Rice cropping is an intensive enterprise. To be sustainable and to use water efficiently, rice
requires adequate plant-essential nutrients. Nutrient supply has an impact on both grain yield
and grain quality.
In this project we have developed a nutrient balance model which summarises the impact of
rice cropping on soil nutrients. The main concerns highlighted from this model are that, on
average, all soil nutrients, except sulphur and calcium are being depleted. This work should
alert rice growers to the potential for yield losses due to nutrient depletion. A plant nutrient
diagnostic protocol is still required for Australian rice varieties.
A protocol has been developed to induce the yield-reducing disorder known as straighthead.
This will facilitate the design of studies aimed at understanding the cause of this problem.
The current theory being tested is that micronutrient deficiencies, e.g., copper or zinc, cause
the problem. Further testing is required to confirm the findings made up to now.
This project has also demonstrated for the first time, that grain Fe and Zn can be increased in
rice grains by as much as 44 and 26% respectively following applications of these elements in
foliar fertilizers. During this study we also demonstrated the value of non-contaminating
grain processing equipment for use in the study of micro-nutrients in rice.
Variation in germplasm is seen as an asset to the breeding program. A literature review of
world data from non-cultivated species of the genus Oryza has been assembled and will be a
valuable source of information for plant breeders and other scientists seeking specific traits.
During this study we also developed a new taxonomic key to aid the correct identification of
the 4 Oryza species which are found in Australia.
Rice accumulates phosphorus (P) to about 0.35% by weight in brown grains. As 85% of
Australia’s rice is exported we sought germplasm to reduce this loss. Samples we obtained
from a long-term study in Japan clearly demonstrated the impact of P-deficiency on grain
yield and grain quality (low P, K and Mg concentrations). Preliminary studies were made at
Yanco of the mutant rice known as lpa-1. The key feature of lpa-1 is that it deposits more
phosphorus into inorganic P but less into organic or phytate P in the grain. We suggest that
the line lpa-1 should be incorporated into high yielding Australian rices to produce a rice
which could provide a better nutrient intake for humans and monogastric animals.

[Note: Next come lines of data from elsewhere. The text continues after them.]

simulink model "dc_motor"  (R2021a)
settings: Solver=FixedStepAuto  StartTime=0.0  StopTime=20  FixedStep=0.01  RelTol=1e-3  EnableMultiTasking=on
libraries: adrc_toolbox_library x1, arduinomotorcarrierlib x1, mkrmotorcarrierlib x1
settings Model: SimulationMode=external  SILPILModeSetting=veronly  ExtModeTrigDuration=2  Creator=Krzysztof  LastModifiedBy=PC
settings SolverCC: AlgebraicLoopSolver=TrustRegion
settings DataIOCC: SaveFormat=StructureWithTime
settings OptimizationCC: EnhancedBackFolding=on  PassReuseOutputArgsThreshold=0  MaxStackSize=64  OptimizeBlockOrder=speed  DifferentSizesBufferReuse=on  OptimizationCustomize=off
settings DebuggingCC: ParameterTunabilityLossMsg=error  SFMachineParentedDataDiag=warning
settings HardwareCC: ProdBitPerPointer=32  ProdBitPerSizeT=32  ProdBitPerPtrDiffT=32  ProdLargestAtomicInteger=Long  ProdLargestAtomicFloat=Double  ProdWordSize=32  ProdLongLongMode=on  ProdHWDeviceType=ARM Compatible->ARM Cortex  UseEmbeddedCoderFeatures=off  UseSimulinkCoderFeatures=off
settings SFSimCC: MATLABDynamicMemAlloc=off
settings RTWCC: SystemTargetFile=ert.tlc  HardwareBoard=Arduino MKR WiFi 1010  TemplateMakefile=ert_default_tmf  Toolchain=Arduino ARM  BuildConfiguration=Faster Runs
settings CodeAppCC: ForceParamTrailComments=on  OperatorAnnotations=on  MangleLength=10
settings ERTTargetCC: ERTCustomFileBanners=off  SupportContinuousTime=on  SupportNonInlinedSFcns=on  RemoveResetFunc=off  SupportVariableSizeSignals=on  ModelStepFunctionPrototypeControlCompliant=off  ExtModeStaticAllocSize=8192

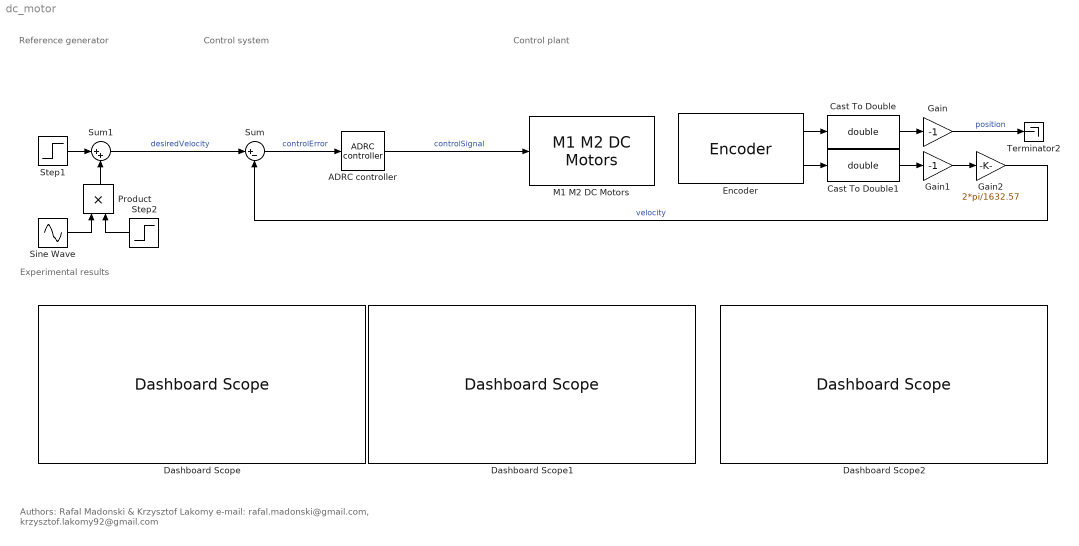
== system dc_motor ==
  note: Control system
  note: Control plant
  note: Reference
      | generator
  note: Experimental results
  note: Authors:  Rafal Madonski & Krzysztof Lakomy
      | e-mail: rafal.madonski@gmail.com, krzysztof.lakomy92@gmail.com
  ADRC controller : adrc_toolbox_library/ADRC controller  dynamicsOrder=2  controllerBandwidth=40  controllerBandwidthSource=Internal  observerBandwidth=90  observerBandwidthSource=Internal  inputGainParameter=600  inputGainSource=Internal  saturationEnabled=on  UpperLimit=100  LowerLimit=-100  antiPeakingEnabled=off  antiPeakingTime=0.2
      link override State feedback robust controller/Saturation: VariantControlMode=label  LabelModeActiveChoice=saturation_off
      settings: SourceProductName=ADRC toolbox
  Cast To Double : DataTypeConversion  OutDataTypeStr=double
  Cast To Double1 : DataTypeConversion  OutDataTypeStr=double
  Dashboard Scope : DashboardScope
  Dashboard Scope1 : DashboardScope
  Dashboard Scope2 : DashboardScope  Ymin=-0.1  Ymax=0.1
  Encoder : arduinomotorcarrierlib/Encoder  SlaveAddress=uint8( hex2dec( '66' ) )  blockPlatform=ARDUINO  Encoder=1  ShowSpeed=on  ResetOption=on  SampleTime=0.01
      settings: SourceProductBaseCode=ARDUINO
  Gain : Gain  Gain=-1  OutDataTypeStr=double
  Gain1 : Gain  Gain=-1  ParamDataTypeStr=double
  Gain2 : Gain  Gain=2*pi/1632.57
  M1 M2 DC Motors : mkrmotorcarrierlib/M1 M2 DC Motors  SlaveAddress=uint8( hex2dec( '66' ) )  blockPlatform=ARDUINO  MotorNumber=M1  MotorCarrierPWMFreq=100
      settings: SourceProductBaseCode=ARDUINO
  Product : Product
  Sine Wave : Sin  Amplitude=5  Frequency=6.28/4  SampleTime=0
  Step1 : Step  Time=3  After=15  SampleTime=0
  Step2 : Step  Time=3  SampleTime=0
  Sum : Sum  Inputs=|+-
  Sum1 : Sum  Inputs=|++
  Terminator2 : Terminator
  wires:
  Sum/1 -> ADRC controller/1  "controlError"
  ADRC controller/1 -> M1 M2 DC Motors/1  "controlSignal"
  Cast To Double1/1 -> Gain1/1
  Encoder/1 -> Cast To Double/1
  Encoder/2 -> Cast To Double1/1
  Cast To Double/1 -> Gain/1
  Gain/1 -> Terminator2/1  "position"
  Step1/1 -> Sum1/1
  Product/1 -> Sum1/2
  Sine Wave/1 -> Product/1
  Step2/1 -> Product/2
  Sum1/1 -> Sum/1  "desiredVelocity"
  Gain1/1 -> Gain2/1
  Gain2/1 -> Sum/2  "velocity"

Linkages have been established with the Yezin Agricultural University in Myanmar and the
rice program of the Central Agricultural Research Institute. These linkages have the potential
to boost our understanding of the nutrient requirements of rice under long-term cultivation
and also provide access to cold-tolerant germplasm from regions with higher altitudes.
This report represents the end of research supported by the Rice CRC . Project 2302 has
enabled us to better understand the importance of nutrients to sustainable rice production but,
at the same time, has left many promising lines of research worth further study.